╭──
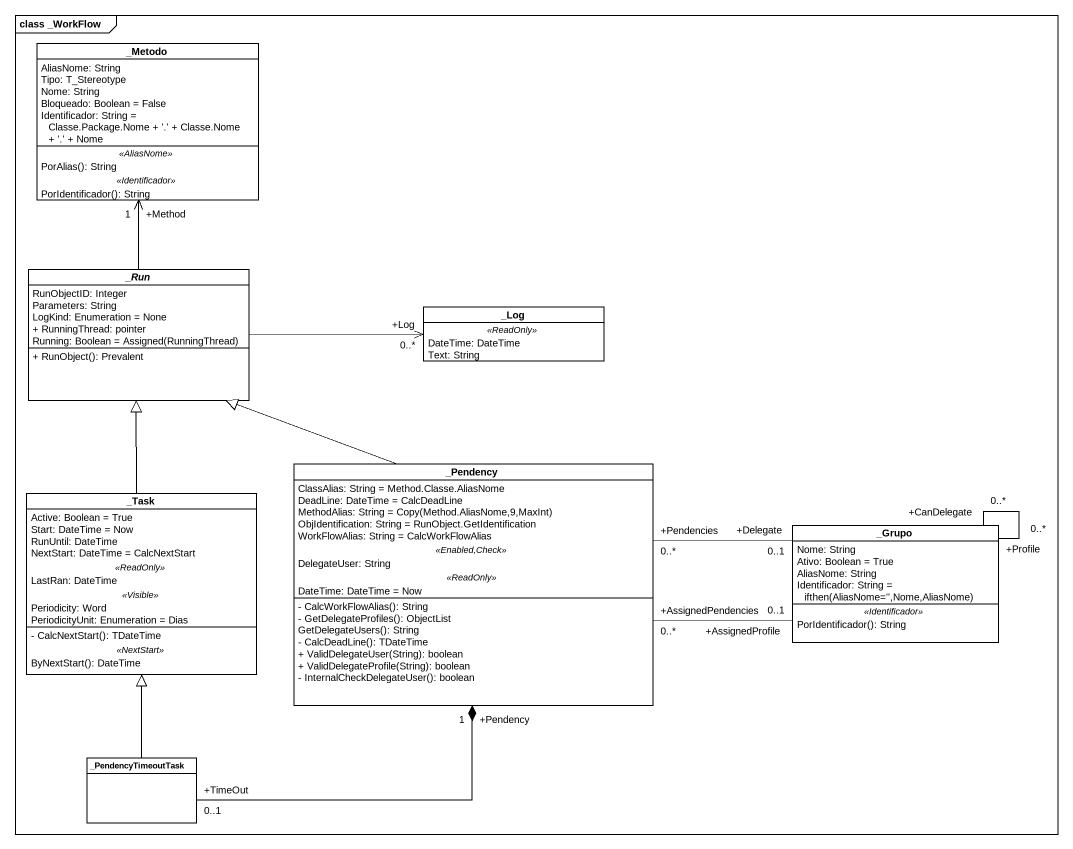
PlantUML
@startuml
mainframe class _WorkFlow
hide circle
hide empty members
skinparam classAttributeIconSize 0
class "_Metodo" as Metodo {
  AliasNome: String
  Tipo: T_Stereotype
  Nome: String
  Bloqueado: Boolean = False
  Identificador: String = Classe.Package.Nome + '.' + Classe.Nome + '.' + Nome
  .. <<AliasNome>> ..
  PorAlias(): String
  .. <<Identificador>> ..
  PorIdentificador(): String
}
abstract class "_Run" as Run {
  RunObjectID: Integer
  Parameters: String
  LogKind: Enumeration = None
  + RunningThread: pointer
  {field} Running: Boolean = Assigned(RunningThread)
  + RunObject(): Prevalent
}
class "_Log" as Log {
  .. <<ReadOnly>> ..
  DateTime: DateTime
  Text: String
}
class "_Task" as Task {
  Active: Boolean = True
  Start: DateTime = Now
  RunUntil: DateTime
  NextStart: DateTime = CalcNextStart
  .. <<ReadOnly>> ..
  LastRan: DateTime
  .. <<Visible>> ..
  Periodicity: Word
  PeriodicityUnit: Enumeration = Dias
  --
  - CalcNextStart(): TDateTime
  .. <<NextStart>> ..
  ByNextStart(): DateTime
}
class "_Pendency" as Pendency {
  ClassAlias: String = Method.Classe.AliasNome
  DeadLine: DateTime = CalcDeadLine
  {field} MethodAlias: String = Copy(Method.AliasNome,9,MaxInt)
  ObjIdentification: String = RunObject.GetIdentification
  WorkFlowAlias: String = CalcWorkFlowAlias
  .. <<Enabled,Check>> ..
  DelegateUser: String
  .. <<ReadOnly>> ..
  DateTime: DateTime = Now
  --
  - CalcWorkFlowAlias(): String
  - GetDelegateProfiles(): ObjectList
  GetDelegateUsers(): String
  - CalcDeadLine(): TDateTime
  + ValidDelegateUser(String): boolean
  + ValidDelegateProfile(String): boolean
  - InternalCheckDelegateUser(): boolean
}
class "_Grupo" as Grupo {
  Nome: String
  Ativo: Boolean = True
  AliasNome: String
  {field} Identificador: String = ifthen(AliasNome='',Nome,AliasNome)
  .. <<Identificador>> ..
  PorIdentificador(): String
}
class "_PendencyTimeoutTask" as PendencyTimeoutTask
Run -up-> "+Method\n1" Metodo
Run -right-> "+Log\n0..*" Log
Task -up-|> Run
Pendency -up-|> Run
Pendency "+Pendencies\n0..*" -right- "+Delegate\n0..1" Grupo
Pendency "+AssignedPendencies\n0..*" -right- "+AssignedProfile\n0..1" Grupo
Grupo "+Profile\n0..*" -- "+CanDelegate\n0..*" Grupo
PendencyTimeoutTask -up-|> Task
PendencyTimeoutTask "+TimeOut\n0..1" -up-* "+Pendency\n1" Pendency
@enduml
╰──
• What is required: The expected answer is an exact copy of the lines above, beginning at the line with "ClassAlias: String = Method.Classe.AliasNome" and ending at the line with "PendencyTimeoutTask -up-|> Task", with both ends in.

• Result below:
  ClassAlias: String = Method.Classe.AliasNome
  DeadLine: DateTime = CalcDeadLine
  {field} MethodAlias: String = Copy(Method.AliasNome,9,MaxInt)
  ObjIdentification: String = RunObject.GetIdentification
  WorkFlowAlias: String = CalcWorkFlowAlias
  .. <<Enabled,Check>> ..
  DelegateUser: String
  .. <<ReadOnly>> ..
  DateTime: DateTime = Now
  --
  - CalcWorkFlowAlias(): String
  - GetDelegateProfiles(): ObjectList
  GetDelegateUsers(): String
  - CalcDeadLine(): TDateTime
  + ValidDelegateUser(String): boolean
  + ValidDelegateProfile(String): boolean
  - InternalCheckDelegateUser(): boolean
}
class "_Grupo" as Grupo {
  Nome: String
  Ativo: Boolean = True
  AliasNome: String
  {field} Identificador: String = ifthen(AliasNome='',Nome,AliasNome)
  .. <<Identificador>> ..
  PorIdentificador(): String
}
class "_PendencyTimeoutTask" as PendencyTimeoutTask
Run -up-> "+Method\n1" Metodo
Run -right-> "+Log\n0..*" Log
Task -up-|> Run
Pendency -up-|> Run
Pendency "+Pendencies\n0..*" -right- "+Delegate\n0..1" Grupo
Pendency "+AssignedPendencies\n0..*" -right- "+AssignedProfile\n0..1" Grupo
Grupo "+Profile\n0..*" -- "+CanDelegate\n0..*" Grupo
PendencyTimeoutTask -up-|> Task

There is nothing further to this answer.